To do |
Search the listing below for the line containing "45.12), (-21.2, 45.12)])". From there through the line containing "42.58), (-21.2, 42.58)])", transcribe every line exactly, both ends included.

Data records |
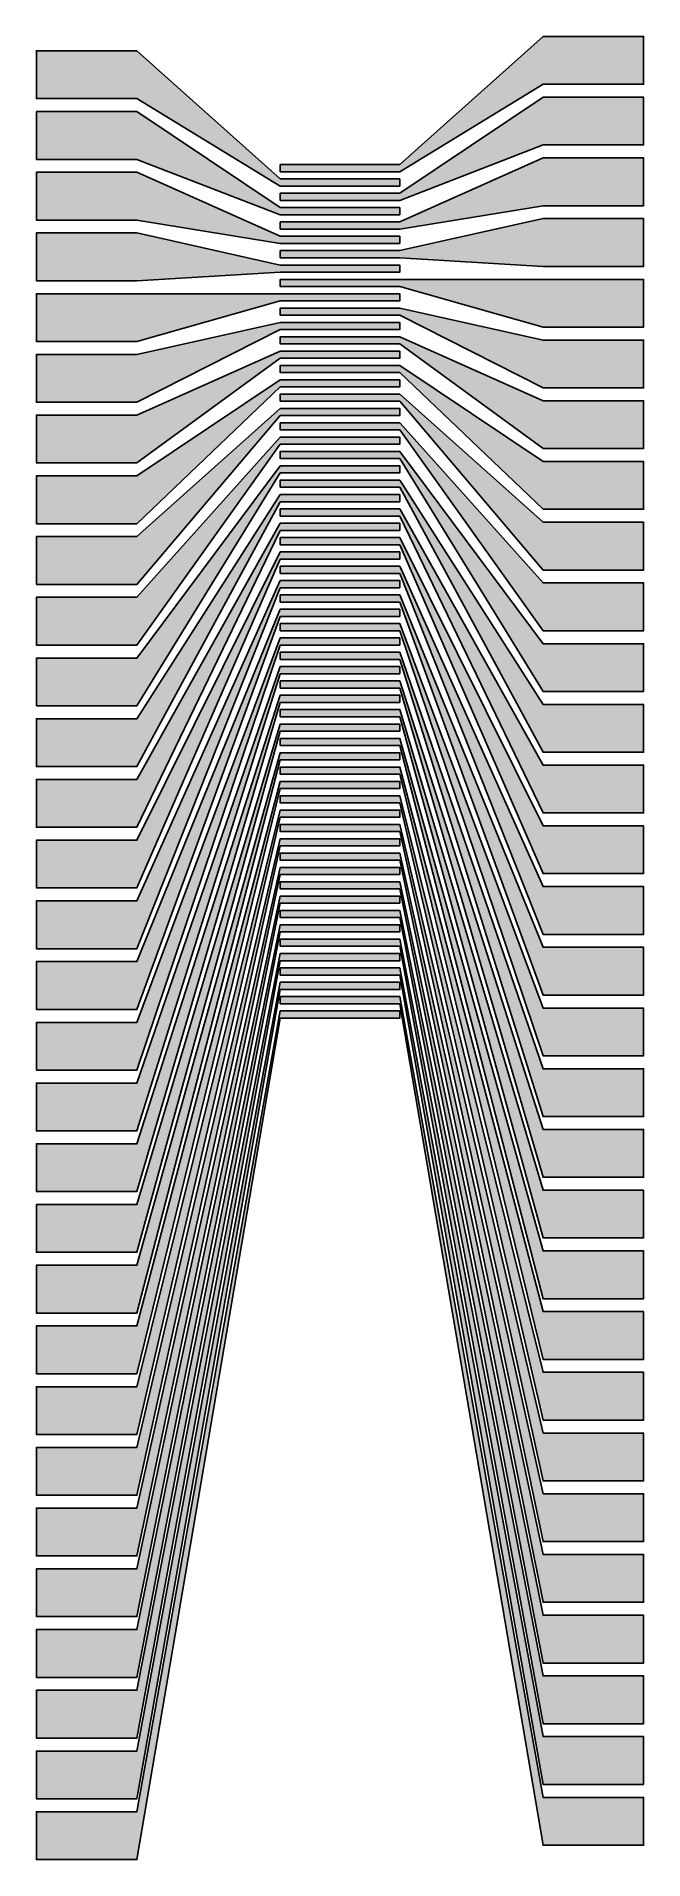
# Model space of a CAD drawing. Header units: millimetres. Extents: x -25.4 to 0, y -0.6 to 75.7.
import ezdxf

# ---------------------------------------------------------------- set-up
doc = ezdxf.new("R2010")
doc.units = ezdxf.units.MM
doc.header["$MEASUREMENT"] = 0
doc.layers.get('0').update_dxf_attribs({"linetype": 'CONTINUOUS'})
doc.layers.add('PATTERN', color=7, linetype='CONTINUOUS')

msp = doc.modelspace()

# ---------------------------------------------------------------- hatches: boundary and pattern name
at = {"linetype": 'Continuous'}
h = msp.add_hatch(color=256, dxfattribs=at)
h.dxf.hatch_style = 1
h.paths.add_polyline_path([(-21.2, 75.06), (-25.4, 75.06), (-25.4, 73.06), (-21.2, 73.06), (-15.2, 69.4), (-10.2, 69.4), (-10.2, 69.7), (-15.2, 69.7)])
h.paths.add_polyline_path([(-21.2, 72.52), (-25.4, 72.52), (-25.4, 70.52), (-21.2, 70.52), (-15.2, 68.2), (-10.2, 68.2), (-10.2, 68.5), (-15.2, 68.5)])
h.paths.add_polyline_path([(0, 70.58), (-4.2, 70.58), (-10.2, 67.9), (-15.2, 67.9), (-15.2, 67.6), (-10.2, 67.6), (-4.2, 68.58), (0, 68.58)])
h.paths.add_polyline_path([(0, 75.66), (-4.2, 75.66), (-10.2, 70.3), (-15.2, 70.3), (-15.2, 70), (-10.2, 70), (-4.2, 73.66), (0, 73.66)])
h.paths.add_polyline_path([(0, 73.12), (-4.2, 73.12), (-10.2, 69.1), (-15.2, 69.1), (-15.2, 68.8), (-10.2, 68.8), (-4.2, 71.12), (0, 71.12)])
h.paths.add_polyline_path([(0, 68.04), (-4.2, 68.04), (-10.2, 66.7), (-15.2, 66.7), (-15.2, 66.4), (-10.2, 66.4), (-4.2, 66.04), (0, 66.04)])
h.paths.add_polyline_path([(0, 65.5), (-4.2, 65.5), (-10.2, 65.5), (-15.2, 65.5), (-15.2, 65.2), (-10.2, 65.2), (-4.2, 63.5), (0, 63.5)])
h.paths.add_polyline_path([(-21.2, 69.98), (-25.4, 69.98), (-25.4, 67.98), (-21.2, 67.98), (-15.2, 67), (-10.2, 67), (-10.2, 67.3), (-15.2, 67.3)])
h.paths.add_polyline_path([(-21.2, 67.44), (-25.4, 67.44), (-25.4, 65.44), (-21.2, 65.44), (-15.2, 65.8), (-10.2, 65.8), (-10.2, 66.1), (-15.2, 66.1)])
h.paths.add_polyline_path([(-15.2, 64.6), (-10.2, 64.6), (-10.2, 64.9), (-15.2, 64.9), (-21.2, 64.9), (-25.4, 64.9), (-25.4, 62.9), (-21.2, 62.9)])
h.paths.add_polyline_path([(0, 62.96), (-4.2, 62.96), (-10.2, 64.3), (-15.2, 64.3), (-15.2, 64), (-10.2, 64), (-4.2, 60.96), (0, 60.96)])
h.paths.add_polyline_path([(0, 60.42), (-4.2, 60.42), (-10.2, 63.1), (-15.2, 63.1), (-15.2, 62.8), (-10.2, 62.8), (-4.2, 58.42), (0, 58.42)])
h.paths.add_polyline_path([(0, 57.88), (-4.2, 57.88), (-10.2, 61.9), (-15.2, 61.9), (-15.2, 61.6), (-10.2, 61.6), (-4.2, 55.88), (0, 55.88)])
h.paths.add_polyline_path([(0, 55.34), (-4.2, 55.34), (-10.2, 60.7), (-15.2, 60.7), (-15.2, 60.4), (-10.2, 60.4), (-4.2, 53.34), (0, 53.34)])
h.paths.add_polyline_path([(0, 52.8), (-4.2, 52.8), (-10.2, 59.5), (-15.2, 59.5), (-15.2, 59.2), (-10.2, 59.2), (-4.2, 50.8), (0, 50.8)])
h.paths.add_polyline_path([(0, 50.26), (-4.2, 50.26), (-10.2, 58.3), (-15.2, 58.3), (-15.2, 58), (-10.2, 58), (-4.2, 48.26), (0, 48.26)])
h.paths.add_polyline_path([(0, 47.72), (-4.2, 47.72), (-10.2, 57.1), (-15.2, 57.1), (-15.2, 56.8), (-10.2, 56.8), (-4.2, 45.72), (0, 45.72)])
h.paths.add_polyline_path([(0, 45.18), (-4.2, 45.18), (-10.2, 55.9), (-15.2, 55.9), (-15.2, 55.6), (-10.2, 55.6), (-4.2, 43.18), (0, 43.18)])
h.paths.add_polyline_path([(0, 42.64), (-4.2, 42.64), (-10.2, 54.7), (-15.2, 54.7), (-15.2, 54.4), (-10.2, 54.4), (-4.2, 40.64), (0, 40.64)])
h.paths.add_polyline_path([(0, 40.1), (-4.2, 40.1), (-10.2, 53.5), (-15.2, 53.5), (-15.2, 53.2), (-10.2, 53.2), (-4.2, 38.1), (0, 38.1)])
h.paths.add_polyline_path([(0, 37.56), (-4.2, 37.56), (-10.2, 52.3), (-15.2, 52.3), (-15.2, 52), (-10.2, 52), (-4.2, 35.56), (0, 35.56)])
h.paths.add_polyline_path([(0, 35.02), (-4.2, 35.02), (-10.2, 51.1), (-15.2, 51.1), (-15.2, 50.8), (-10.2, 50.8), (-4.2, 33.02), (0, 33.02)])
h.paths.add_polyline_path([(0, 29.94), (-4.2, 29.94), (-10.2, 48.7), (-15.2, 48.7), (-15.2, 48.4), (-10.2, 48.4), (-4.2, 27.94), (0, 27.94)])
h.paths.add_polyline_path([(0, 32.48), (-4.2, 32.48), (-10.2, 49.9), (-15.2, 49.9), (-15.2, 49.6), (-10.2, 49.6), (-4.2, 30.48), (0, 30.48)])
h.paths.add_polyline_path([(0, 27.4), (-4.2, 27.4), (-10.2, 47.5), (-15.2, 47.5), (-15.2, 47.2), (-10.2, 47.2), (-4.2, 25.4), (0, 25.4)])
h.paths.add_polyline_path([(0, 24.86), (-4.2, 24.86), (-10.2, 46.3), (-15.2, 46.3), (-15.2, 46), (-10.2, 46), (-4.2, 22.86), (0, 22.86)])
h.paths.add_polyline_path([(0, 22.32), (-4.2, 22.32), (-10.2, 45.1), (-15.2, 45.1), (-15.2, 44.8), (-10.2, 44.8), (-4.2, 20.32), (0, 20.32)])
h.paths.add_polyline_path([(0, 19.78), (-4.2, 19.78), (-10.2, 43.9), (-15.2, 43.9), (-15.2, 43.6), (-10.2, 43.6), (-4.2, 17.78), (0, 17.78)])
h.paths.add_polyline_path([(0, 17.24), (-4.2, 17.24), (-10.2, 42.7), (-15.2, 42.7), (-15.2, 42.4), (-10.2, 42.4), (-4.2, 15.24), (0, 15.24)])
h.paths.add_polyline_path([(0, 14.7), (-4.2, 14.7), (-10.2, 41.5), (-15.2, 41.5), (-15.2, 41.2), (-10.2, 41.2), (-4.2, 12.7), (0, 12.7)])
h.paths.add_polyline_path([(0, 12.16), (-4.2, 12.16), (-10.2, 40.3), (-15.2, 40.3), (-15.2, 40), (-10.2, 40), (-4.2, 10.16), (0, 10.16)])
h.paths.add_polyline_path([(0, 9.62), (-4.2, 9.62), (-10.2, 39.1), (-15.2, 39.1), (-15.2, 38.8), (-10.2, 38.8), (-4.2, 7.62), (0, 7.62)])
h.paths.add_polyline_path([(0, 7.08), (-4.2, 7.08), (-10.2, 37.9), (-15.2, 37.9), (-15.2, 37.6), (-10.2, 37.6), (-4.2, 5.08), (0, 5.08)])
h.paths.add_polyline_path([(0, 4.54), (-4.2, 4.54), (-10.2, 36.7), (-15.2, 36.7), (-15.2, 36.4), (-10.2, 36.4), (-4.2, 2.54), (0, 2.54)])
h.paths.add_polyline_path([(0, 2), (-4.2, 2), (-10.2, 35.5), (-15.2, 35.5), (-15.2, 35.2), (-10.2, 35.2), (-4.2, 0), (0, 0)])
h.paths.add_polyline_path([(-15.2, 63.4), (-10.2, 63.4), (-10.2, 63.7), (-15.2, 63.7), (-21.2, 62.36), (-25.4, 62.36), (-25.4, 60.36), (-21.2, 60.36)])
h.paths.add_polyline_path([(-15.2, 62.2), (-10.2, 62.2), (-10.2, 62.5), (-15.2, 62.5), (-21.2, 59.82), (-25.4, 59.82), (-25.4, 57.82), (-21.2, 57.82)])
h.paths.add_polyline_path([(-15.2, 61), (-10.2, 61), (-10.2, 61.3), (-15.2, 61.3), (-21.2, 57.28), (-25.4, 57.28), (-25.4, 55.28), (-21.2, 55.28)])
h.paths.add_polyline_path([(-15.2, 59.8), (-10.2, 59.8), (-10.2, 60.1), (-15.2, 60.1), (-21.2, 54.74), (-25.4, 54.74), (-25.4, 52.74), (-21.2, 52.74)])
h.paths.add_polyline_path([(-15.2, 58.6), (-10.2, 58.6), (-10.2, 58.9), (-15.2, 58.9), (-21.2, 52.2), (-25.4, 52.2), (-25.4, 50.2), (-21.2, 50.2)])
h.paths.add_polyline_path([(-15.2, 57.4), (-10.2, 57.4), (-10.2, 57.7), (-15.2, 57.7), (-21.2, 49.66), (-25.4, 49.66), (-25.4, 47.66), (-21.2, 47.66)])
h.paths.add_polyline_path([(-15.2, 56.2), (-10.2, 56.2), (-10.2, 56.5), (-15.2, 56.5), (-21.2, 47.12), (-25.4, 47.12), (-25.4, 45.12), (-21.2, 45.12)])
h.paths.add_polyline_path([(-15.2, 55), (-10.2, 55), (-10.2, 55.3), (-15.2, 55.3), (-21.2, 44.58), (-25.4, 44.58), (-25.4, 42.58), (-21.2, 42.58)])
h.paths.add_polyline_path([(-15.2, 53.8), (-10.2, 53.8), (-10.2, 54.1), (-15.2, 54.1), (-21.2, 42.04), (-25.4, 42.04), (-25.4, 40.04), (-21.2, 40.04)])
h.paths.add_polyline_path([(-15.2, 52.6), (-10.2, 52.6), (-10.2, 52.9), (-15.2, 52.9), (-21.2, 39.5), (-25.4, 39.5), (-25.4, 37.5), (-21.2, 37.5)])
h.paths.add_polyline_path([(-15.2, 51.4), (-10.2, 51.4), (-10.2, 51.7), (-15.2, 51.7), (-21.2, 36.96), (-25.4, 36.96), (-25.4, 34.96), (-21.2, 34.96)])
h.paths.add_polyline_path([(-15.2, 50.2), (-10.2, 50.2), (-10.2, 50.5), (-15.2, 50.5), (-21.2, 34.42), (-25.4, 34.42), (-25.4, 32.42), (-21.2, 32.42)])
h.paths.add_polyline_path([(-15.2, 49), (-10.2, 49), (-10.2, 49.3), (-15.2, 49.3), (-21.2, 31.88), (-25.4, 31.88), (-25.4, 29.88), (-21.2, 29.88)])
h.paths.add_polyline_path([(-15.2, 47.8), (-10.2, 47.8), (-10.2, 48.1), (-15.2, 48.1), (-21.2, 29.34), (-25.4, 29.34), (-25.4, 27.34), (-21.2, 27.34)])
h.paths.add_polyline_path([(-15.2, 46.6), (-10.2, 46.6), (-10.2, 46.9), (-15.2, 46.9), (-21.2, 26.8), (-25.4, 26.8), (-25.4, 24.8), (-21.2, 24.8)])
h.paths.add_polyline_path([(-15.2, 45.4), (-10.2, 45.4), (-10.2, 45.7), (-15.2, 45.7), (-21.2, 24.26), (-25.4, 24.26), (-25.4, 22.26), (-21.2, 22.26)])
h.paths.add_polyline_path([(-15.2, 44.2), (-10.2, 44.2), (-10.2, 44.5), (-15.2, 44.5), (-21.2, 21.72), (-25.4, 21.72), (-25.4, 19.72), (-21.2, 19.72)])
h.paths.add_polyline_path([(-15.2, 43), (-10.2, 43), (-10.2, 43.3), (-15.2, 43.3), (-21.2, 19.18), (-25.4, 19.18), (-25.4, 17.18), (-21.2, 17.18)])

Answer to this exercise |
h.paths.add_polyline_path([(-15.2, 56.2), (-10.2, 56.2), (-10.2, 56.5), (-15.2, 56.5), (-21.2, 47.12), (-25.4, 47.12), (-25.4, 45.12), (-21.2, 45.12)])
h.paths.add_polyline_path([(-15.2, 55), (-10.2, 55), (-10.2, 55.3), (-15.2, 55.3), (-21.2, 44.58), (-25.4, 44.58), (-25.4, 42.58), (-21.2, 42.58)])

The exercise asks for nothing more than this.